Why Spam Cannot be Stopped - soundsop
http://www.trevorblackwell.com/whyspamcannotbestopped.html
======
stcredzero
There will be virus free computers within 5 years. Widespread adoption will
happen within 10.

Malware takes advantage of the fact that security architectures are over 30
years out of date. Someday the OS in a computer will be as invisible to the
average user as the preamplifier in a home theater sound system. We should
have some modern security features like capabilities by then.

I don't see why one couldn't have an OS that consisted entirely of a web
browser, and absolutely nothing else visible to the user. System prefs would
just be the pages accessible under "system:" If that browser was like Google
Chrome, then everything could be sandboxed. (No web plugins or ActiveX. In
fact, there could easily be no way for any executable code to get on the box
other than Javascript, which would be subject to the sandboxing.)

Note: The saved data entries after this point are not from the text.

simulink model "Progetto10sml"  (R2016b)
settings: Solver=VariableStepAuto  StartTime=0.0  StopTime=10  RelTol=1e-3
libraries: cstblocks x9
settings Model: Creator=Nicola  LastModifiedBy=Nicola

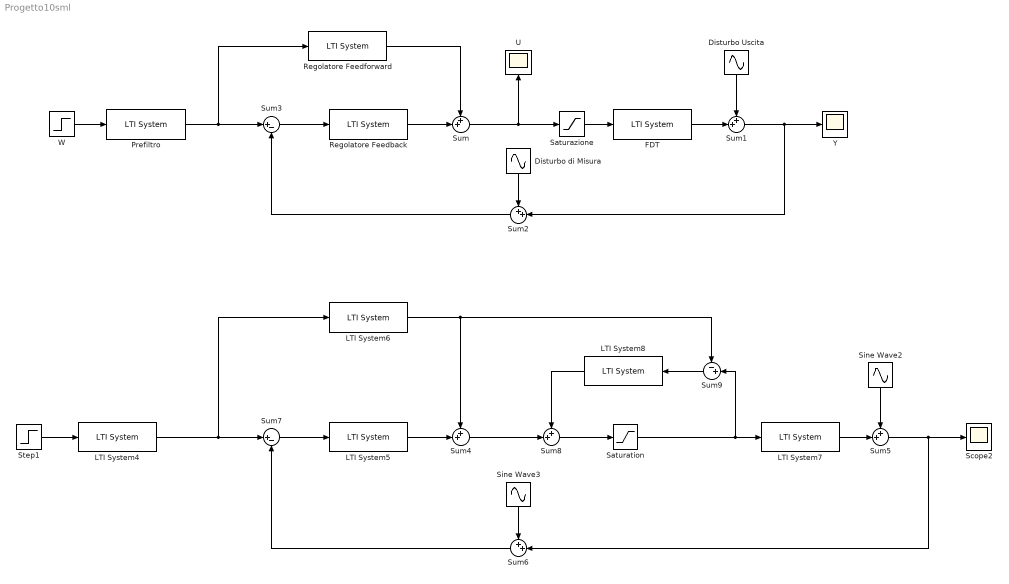
== system Progetto10sml ==
  Disturbo Uscita : Sin  Amplitude=0.3  Frequency=0.08  SampleTime=0
  Disturbo di Misura : Sin  Amplitude=0.02  Frequency=100  SampleTime=0
  FDT : cstblocks/LTI System  sys=G  IC=[]
  LTI System4 : cstblocks/LTI System  sys=Rpf  IC=[]
  LTI System5 : cstblocks/LTI System  sys=aw1  IC=[]
  LTI System6 : cstblocks/LTI System  sys=Rff  IC=[]
  LTI System7 : cstblocks/LTI System  sys=G  IC=[]
  LTI System8 : cstblocks/LTI System  sys=aw2  IC=[]
  Prefiltro : cstblocks/LTI System  sys=Rpf  IC=[]
  Regolatore Feedback : cstblocks/LTI System  sys=Rfb  IC=[]
  Regolatore Feedforward : cstblocks/LTI System  sys=Rff  IC=[]
  Saturation : Saturate  UpperLimit=28.5  LowerLimit=-28.5
  Saturazione : Saturate  UpperLimit=24  LowerLimit=-24
  Scope2 : Scope
  Sine Wave2 : Sin  Amplitude=0.3  Frequency=0.08  SampleTime=0
  Sine Wave3 : Sin  Amplitude=0.02  Frequency=100  SampleTime=0
  Step1 : Step  Time=0  After=2  SampleTime=0
  Sum{,1..2,4..6,8} (7 alike) : Sum  Inputs=++|
  Sum3 : Sum  Inputs=|+-
  Sum7 : Sum  Inputs=|+-
  Sum9 : Sum  Inputs=-+|
  U : Scope
  W : Step  Time=0  After=2  SampleTime=0
  Y : Scope
  wires:
  W/1 -> Prefiltro/1
  Prefiltro/1 -> Sum3/1, Regolatore Feedforward/1
  Regolatore Feedforward/1 -> Sum/1
  Regolatore Feedback/1 -> Sum/2
  Sum/1 -> Saturazione/1, U/1
  Disturbo Uscita/1 -> Sum1/1
  FDT/1 -> Sum1/2
  Sum1/1 -> Sum2/2, Y/1
  Sum2/1 -> Sum3/2
  Sum3/1 -> Regolatore Feedback/1
  Disturbo di Misura/1 -> Sum2/1
  Step1/1 -> LTI System4/1
  LTI System4/1 -> Sum7/1, LTI System6/1
  LTI System6/1 -> Sum9/1, Sum4/1
  LTI System5/1 -> Sum4/2
  Sine Wave2/1 -> Sum5/1
  LTI System7/1 -> Sum5/2
  Sum5/1 -> Sum6/2, Scope2/1
  Sum6/1 -> Sum7/2
  Sum7/1 -> LTI System5/1
  Sine Wave3/1 -> Sum6/1
  Saturation/1 -> Sum9/2, LTI System7/1
  Sum8/1 -> Saturation/1
  Sum4/1 -> Sum8/2
  LTI System8/1 -> Sum8/1
  Sum9/1 -> LTI System8/1
  Saturazione/1 -> FDT/1
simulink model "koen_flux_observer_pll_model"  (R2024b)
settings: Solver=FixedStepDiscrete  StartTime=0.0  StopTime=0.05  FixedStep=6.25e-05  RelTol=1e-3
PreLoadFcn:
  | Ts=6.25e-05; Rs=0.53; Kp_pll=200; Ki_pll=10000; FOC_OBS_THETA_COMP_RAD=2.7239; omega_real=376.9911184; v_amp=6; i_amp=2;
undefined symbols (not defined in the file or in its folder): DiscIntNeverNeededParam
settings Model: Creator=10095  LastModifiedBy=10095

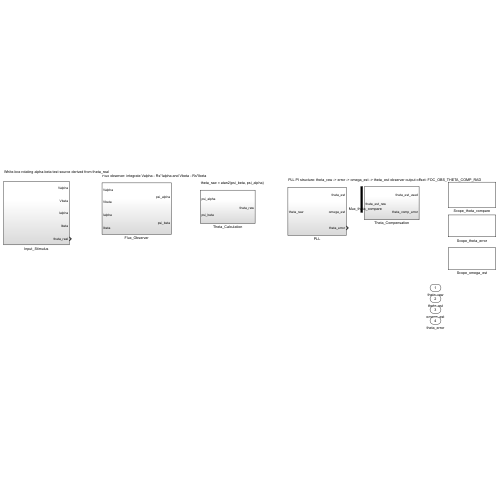
[thumbnail: Simulink's stored preview of the top-level diagram]
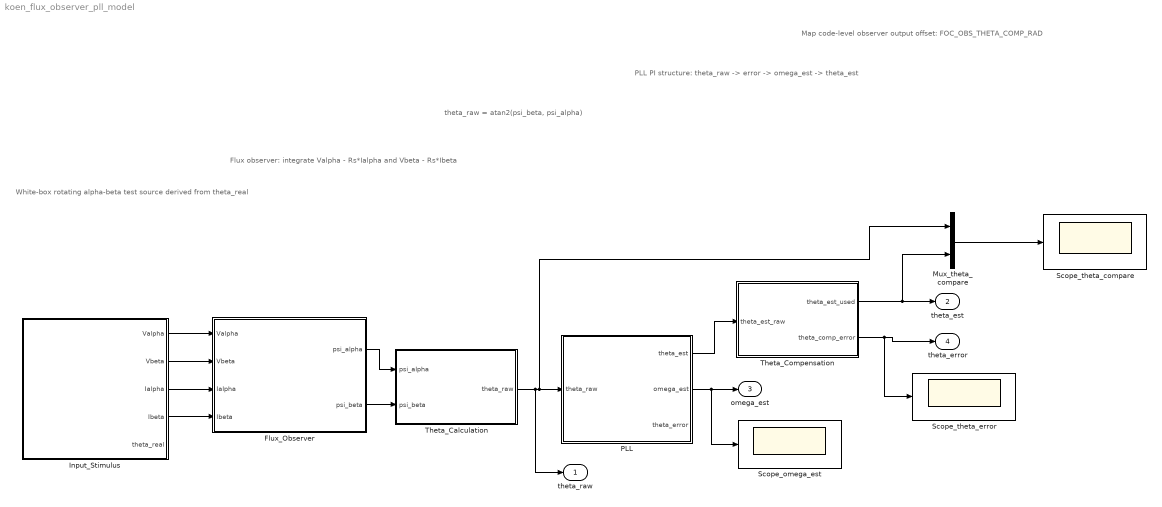
== system koen_flux_observer_pll_model ==
  note: White-box rotating alpha-beta test source derived from theta_real
  note: Flux observer: integrate Valpha - Rs*Ialpha and Vbeta - Rs*Ibeta
  note: theta_raw = atan2(psi_beta, psi_alpha)
  note: PLL PI structure: theta_raw -> error -> omega_est -> theta_est
  note: Map code-level observer output offset: FOC_OBS_THETA_COMP_RAD
  Flux_Observer : Subsystem  Description=Flux observer: integrate Valpha - Rs*Ialpha and Vbeta - Rs*Ibeta
  Input_Stimulus : Subsystem  Description=White-box rotating alpha-beta test source derived from theta_real
  Mux_theta_compare : Mux  Inputs=2
  PLL : Subsystem  Description=PLL PI structure: theta_raw -> error -> omega_est -> theta_est
  Scope_omega_est : Scope
  Scope_theta_compare : Scope
  Scope_theta_error : Scope
  Theta_Calculation : Subsystem  Description=theta_raw = atan2(psi_beta, psi_alpha)
  Theta_Compensation : Subsystem  Description=Map code-level observer output offset: FOC_OBS_THETA_COMP_RAD
  theta_raw : Outport
  theta_est : Outport  Port=2
  omega_est : Outport  Port=3
  theta_error : Outport  Port=4
  wires:
  PLL/1(theta_est) -> Theta_Compensation/1(theta_est_raw)
  PLL/2(omega_est) -> Scope_omega_est/1, omega_est/1
  Input_Stimulus/1(Valpha) -> Flux_Observer/1(Valpha)
  Input_Stimulus/4(Ibeta) -> Flux_Observer/4(Ibeta)
  Input_Stimulus/3(Ialpha) -> Flux_Observer/3(Ialpha)
  Theta_Compensation/1(theta_est_used) -> Mux_theta_compare/2, theta_est/1
  Input_Stimulus/2(Vbeta) -> Flux_Observer/2(Vbeta)
  Flux_Observer/2(psi_beta) -> Theta_Calculation/2(psi_beta)
  Flux_Observer/1(psi_alpha) -> Theta_Calculation/1(psi_alpha)
  Theta_Calculation/1(theta_raw) -> PLL/1(theta_raw), Mux_theta_compare/1, theta_raw/1
  Theta_Compensation/2(theta_comp_error) -> Scope_theta_error/1, theta_error/1
  Mux_theta_compare/1 -> Scope_theta_compare/1

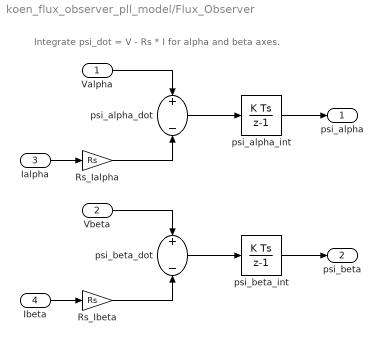
== system koen_flux_observer_pll_model/Flux_Observer ==
  note: Integrate psi_dot = V - Rs * I for alpha and beta axes.
  Valpha : Inport
  Vbeta : Inport  Port=2
  Ialpha : Inport  Port=3
  Ibeta : Inport  Port=4
  Rs_Ialpha : Gain  Gain=Rs
  Rs_Ibeta : Gain  Gain=Rs
  psi_alpha_dot : Sum  Inputs=+-
  psi_alpha_int : DiscreteIntegrator  SampleTime=Ts  ICPrevOutput=DiscIntNeverNeededParam  ICPrevScaledInput=DiscIntNeverNeededParam
  psi_beta_dot : Sum  Inputs=+-
  psi_beta_int : DiscreteIntegrator  SampleTime=Ts  ICPrevOutput=DiscIntNeverNeededParam  ICPrevScaledInput=DiscIntNeverNeededParam
  psi_alpha : Outport
  psi_beta : Outport  Port=2
  wires:
  Valpha/1 -> psi_alpha_dot/1
  Ibeta/1 -> Rs_Ibeta/1
  Ialpha/1 -> Rs_Ialpha/1
  Rs_Ialpha/1 -> psi_alpha_dot/2
  Vbeta/1 -> psi_beta_dot/1
  Rs_Ibeta/1 -> psi_beta_dot/2
  psi_alpha_dot/1 -> psi_alpha_int/1
  psi_beta_dot/1 -> psi_beta_int/1
  psi_alpha_int/1 -> psi_alpha/1
  psi_beta_int/1 -> psi_beta/1

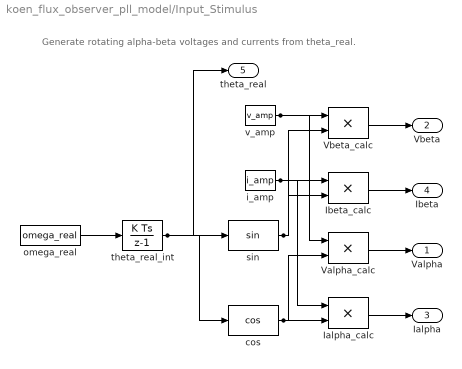
== system koen_flux_observer_pll_model/Input_Stimulus ==
  note: Generate rotating alpha-beta voltages and currents from theta_real.
  Ialpha_calc : Product
  Ibeta_calc : Product
  Valpha_calc : Product
  Vbeta_calc : Product
  cos : Trigonometry  Operator=cos
  i_amp : Constant  Value=i_amp
  omega_real : Constant  Value=omega_real
  sin : Trigonometry
  theta_real_int : DiscreteIntegrator  SampleTime=Ts  ICPrevOutput=DiscIntNeverNeededParam  ICPrevScaledInput=DiscIntNeverNeededParam
  v_amp : Constant  Value=v_amp
  Valpha : Outport
  Vbeta : Outport  Port=2
  Ialpha : Outport  Port=3
  Ibeta : Outport  Port=4
  theta_real : Outport  Port=5
  wires:
  omega_real/1 -> theta_real_int/1
  theta_real_int/1 -> cos/1, sin/1, theta_real/1
  cos/1 -> Valpha_calc/2, Ialpha_calc/2
  sin/1 -> Vbeta_calc/2, Ibeta_calc/2
  Valpha_calc/1 -> Valpha/1
  i_amp/1 -> Ialpha_calc/1, Ibeta_calc/1
  Vbeta_calc/1 -> Vbeta/1
  v_amp/1 -> Valpha_calc/1, Vbeta_calc/1
  Ialpha_calc/1 -> Ialpha/1
  Ibeta_calc/1 -> Ibeta/1

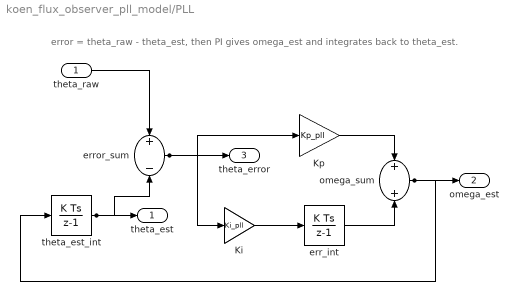
== system koen_flux_observer_pll_model/PLL ==
  note: error = theta_raw - theta_est, then PI gives omega_est and integrates back to theta_est.
  theta_raw : Inport
  Ki : Gain  Gain=Ki_pll
  Kp : Gain  Gain=Kp_pll
  err_int : DiscreteIntegrator  SampleTime=Ts  ICPrevOutput=DiscIntNeverNeededParam  ICPrevScaledInput=DiscIntNeverNeededParam
  error_sum : Sum  Inputs=+-
  omega_sum : Sum
  theta_est_int : DiscreteIntegrator  SampleTime=Ts  ICPrevOutput=DiscIntNeverNeededParam  ICPrevScaledInput=DiscIntNeverNeededParam
  theta_est : Outport
  omega_est : Outport  Port=2
  theta_error : Outport  Port=3
  wires:
  theta_raw/1 -> error_sum/1
  theta_est_int/1 -> error_sum/2, theta_est/1
  omega_sum/1 -> omega_est/1, theta_est_int/1
  err_int/1 -> omega_sum/2
  Kp/1 -> omega_sum/1
  Ki/1 -> err_int/1
  error_sum/1 -> theta_error/1, Ki/1, Kp/1

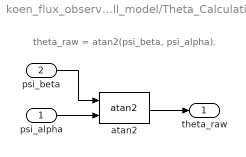
== system koen_flux_observer_pll_model/Theta_Calculation ==
  note: theta_raw = atan2(psi_beta, psi_alpha).
  psi_alpha : Inport
  psi_beta : Inport  Port=2
  atan2 : Trigonometry  Operator=atan2
  theta_raw : Outport
  wires:
  psi_alpha/1 -> atan2/2
  psi_beta/1 -> atan2/1
  atan2/1 -> theta_raw/1

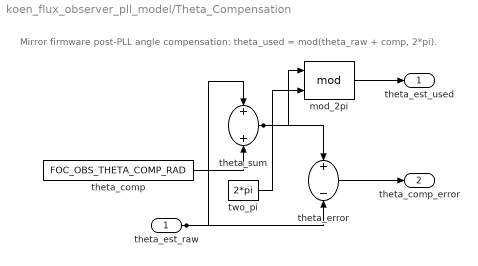
== system koen_flux_observer_pll_model/Theta_Compensation ==
  note: Mirror firmware post-PLL angle compensation: theta_used = mod(theta_raw + comp, 2*pi).
  theta_est_raw : Inport
  mod_2pi : Math  Operator=mod
  theta_comp : Constant  Value=FOC_OBS_THETA_COMP_RAD
  theta_error : Sum  Inputs=+-
  theta_sum : Sum
  two_pi : Constant  Value=2*pi
  theta_est_used : Outport
  theta_comp_error : Outport  Port=2
  wires:
  theta_est_raw/1 -> theta_sum/1, theta_error/2
  theta_comp/1 -> theta_sum/2
  theta_error/1 -> theta_comp_error/1
  mod_2pi/1 -> theta_est_used/1
  two_pi/1 -> mod_2pi/2
  theta_sum/1 -> theta_error/1, mod_2pi/1
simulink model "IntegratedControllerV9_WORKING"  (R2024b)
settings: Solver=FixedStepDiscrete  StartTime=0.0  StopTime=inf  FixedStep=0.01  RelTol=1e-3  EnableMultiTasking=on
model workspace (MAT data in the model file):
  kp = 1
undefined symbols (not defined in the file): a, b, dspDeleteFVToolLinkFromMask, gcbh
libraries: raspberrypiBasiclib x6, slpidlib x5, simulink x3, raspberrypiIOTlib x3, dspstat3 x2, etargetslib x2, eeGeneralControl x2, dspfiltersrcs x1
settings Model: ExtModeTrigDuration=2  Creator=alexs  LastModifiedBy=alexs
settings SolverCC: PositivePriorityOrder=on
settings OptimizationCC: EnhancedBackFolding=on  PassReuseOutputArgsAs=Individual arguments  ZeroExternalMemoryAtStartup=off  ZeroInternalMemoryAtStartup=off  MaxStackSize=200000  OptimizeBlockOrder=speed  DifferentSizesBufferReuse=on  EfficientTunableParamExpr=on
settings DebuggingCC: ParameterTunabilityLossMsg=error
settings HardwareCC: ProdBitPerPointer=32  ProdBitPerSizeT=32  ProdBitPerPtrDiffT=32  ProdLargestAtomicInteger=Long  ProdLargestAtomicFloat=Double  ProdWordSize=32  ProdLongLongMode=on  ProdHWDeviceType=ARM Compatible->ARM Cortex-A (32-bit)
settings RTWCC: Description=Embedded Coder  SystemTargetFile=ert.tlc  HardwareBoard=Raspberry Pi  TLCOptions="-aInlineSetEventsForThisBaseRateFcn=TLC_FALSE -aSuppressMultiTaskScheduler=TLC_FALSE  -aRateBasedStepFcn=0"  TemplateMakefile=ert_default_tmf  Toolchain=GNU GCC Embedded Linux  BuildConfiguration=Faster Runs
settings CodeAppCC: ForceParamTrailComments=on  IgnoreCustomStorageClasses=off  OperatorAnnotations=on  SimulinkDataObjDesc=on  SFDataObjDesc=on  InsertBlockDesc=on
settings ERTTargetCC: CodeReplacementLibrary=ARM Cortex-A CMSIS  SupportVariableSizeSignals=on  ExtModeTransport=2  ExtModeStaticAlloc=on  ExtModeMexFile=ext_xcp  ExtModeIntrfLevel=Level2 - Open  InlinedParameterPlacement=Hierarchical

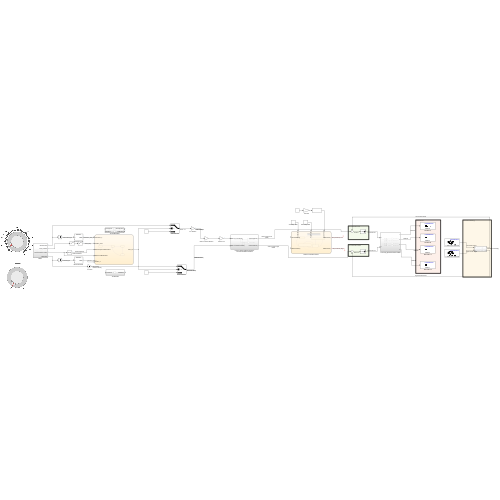
[thumbnail: Simulink's stored preview of the top-level diagram]
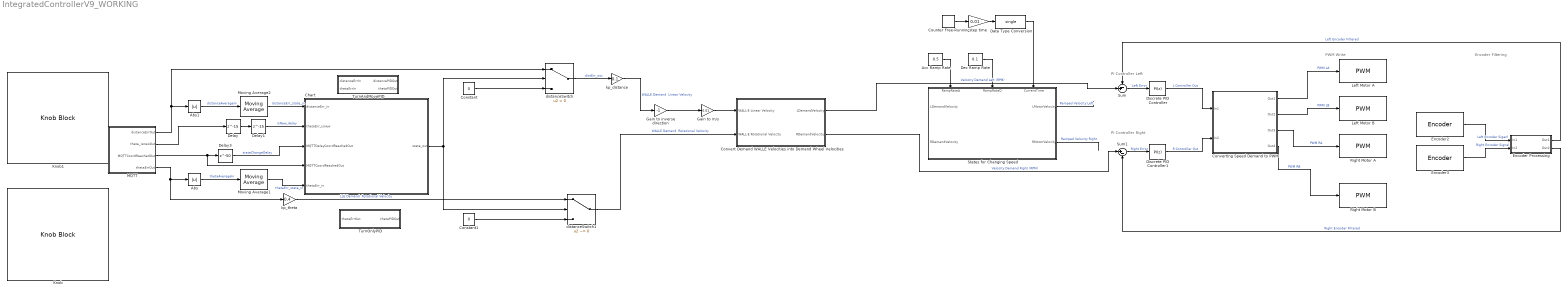
== system IntegratedControllerV9_WORKING ==
  note: PI Controller Right
  note: PWM Write
  note: PI Controller Left
  note: Encoder Filtering
  Abs : Abs  SaturateOnIntegerOverflow=off
  Abs1 : Abs  SaturateOnIntegerOverflow=off
  Acc Ramp Rate : Constant  Value=0.5  OutDataTypeStr=single
  Chart : Stateflow chart  TreatAsAtomicUnit=on
      settings: PortSchema="{\"entries\":[{\"content\":{\"sides\":[{\"content\":{\"connectorIds\":[\"In2\",\"In5\",\"In4\",\"In3\",\"In1\"]},\"type\":\"ConnectorPlacement.EquallySpacedRectSide\",\"uuid\":\"3dab0a91-9335-4990-9001-e160d82c945d\"},{\"content\":{\"connectorIds\":[\"Out1\"],\"side\":\"RIGHT\"},\"type\":\"ConnectorPlacement.EquallySpacedRectSide\",\"uuid\":\"b7b74537-0e0f-4d24-ad6a-0417436d6279\"},{\"content\":{\"side\":\"TOP\"},\"type\":\"ConnectorPlacement.EquallySpacedRectSide\",\"uuid\":\"7a696c29-7520-49e4-ace4-9e1abb82cb02\"}]},\"type\":\"ConnectorPlacement.EquallySpacedConnector\",\"uuid\":\"f02ffd70-1b39-4b11-b25b-86965795cc2a\"}],\"packageUris\":[\"http://schema.mathworks.com/mf0/Connector/R2020b\"],\"version\":\"1.0\"}"
  Constant : Constant  Value=0
  Constant1 : Constant  Value=0
  Convert Demand WALLE Velocities into Demand Wheel Velocities : Subsystem
  Converting Speed Demand to PWM : Subsystem
  Counter Free-Running : simulink/Sources/Counter Free-Running  NumBits=16  tsamp=-1
  Data Type Conversion : DataTypeConversion  OutDataTypeStr=single  SaturateOnIntegerOverflow=off  RndMeth=Floor
  Dec Ramp Rate : Constant  Value=0.1  OutDataTypeStr=single
  Delay : Delay  DelayLength=15  InitialCondition=0
  Delay1 : Delay  DelayLength=15  InitialCondition=0
  Delay3 : Delay  DelayLength=50  InitialCondition=0
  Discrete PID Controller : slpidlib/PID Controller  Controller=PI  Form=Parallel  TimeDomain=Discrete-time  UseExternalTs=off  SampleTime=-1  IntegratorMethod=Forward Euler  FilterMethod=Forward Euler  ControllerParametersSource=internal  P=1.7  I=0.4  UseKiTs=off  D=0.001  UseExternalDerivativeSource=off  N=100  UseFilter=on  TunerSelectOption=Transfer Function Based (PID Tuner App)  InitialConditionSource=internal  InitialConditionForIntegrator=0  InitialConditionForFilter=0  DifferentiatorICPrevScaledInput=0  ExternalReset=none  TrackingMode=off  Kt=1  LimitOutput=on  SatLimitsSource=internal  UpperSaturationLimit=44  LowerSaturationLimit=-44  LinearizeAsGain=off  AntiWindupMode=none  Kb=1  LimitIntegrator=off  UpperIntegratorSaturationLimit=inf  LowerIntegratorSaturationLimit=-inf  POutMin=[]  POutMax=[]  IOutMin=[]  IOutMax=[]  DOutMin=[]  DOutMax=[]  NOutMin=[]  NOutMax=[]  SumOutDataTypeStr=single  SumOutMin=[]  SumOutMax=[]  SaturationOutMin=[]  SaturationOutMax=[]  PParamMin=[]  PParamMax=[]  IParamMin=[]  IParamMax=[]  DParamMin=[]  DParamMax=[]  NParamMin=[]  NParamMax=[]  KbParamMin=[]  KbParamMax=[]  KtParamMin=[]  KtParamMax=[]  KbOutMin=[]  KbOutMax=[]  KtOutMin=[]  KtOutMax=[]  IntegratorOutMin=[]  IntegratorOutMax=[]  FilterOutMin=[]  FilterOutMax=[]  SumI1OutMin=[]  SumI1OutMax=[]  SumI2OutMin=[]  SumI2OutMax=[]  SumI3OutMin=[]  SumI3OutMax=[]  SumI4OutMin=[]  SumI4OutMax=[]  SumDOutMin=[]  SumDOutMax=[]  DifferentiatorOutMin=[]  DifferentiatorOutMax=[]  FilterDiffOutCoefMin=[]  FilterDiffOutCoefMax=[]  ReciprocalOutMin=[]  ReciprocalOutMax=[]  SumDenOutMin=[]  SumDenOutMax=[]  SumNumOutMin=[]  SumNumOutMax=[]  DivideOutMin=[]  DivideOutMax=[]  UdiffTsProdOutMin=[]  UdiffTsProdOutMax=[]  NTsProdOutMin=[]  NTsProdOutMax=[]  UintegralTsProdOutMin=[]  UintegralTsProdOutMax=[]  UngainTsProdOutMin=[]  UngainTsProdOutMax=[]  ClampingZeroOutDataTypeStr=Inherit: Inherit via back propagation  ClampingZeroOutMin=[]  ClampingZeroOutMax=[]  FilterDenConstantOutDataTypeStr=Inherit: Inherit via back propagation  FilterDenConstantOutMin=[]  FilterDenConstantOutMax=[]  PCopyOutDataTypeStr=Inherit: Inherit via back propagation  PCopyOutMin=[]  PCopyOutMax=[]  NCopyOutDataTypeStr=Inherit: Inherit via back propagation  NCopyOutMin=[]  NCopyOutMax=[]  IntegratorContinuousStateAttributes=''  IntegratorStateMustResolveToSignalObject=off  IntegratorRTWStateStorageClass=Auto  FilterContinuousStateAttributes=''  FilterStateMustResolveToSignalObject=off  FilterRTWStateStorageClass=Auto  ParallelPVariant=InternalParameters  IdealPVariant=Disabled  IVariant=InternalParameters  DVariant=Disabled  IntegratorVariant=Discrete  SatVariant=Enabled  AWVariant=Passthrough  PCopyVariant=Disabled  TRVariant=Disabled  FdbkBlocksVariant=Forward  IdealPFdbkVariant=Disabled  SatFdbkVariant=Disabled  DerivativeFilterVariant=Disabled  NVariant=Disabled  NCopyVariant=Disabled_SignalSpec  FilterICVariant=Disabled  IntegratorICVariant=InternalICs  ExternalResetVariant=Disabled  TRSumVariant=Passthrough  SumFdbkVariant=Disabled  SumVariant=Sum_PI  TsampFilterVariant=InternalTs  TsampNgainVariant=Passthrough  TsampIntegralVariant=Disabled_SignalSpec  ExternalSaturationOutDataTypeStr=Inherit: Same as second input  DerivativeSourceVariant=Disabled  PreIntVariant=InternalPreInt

In any case, spam hardly bothers me at all. I rarely see it. When I do, it's
not a hassle. My problem is with information overload from legitimate sources.
_That_ is getting to be a problem!

------
Protophore
We should convert our society from the current system of easily transferable
electronic money to one based on large heavy cinder blocks as currency. No
longer will a spammer be able to access your bank account electronically and
siphon off your funds. You will have a large cave or other storage area where
you accumulate your cinder blocks.

It could work! See "Burkina Faso" <http://uncyclopedia.org/wiki/Burkina_Faso>
Currency: Giant Stone Wheels, Bananas

I bet they didn't have any email spam.

------
ZachPruckowski
As long as crime pays, there will be criminals.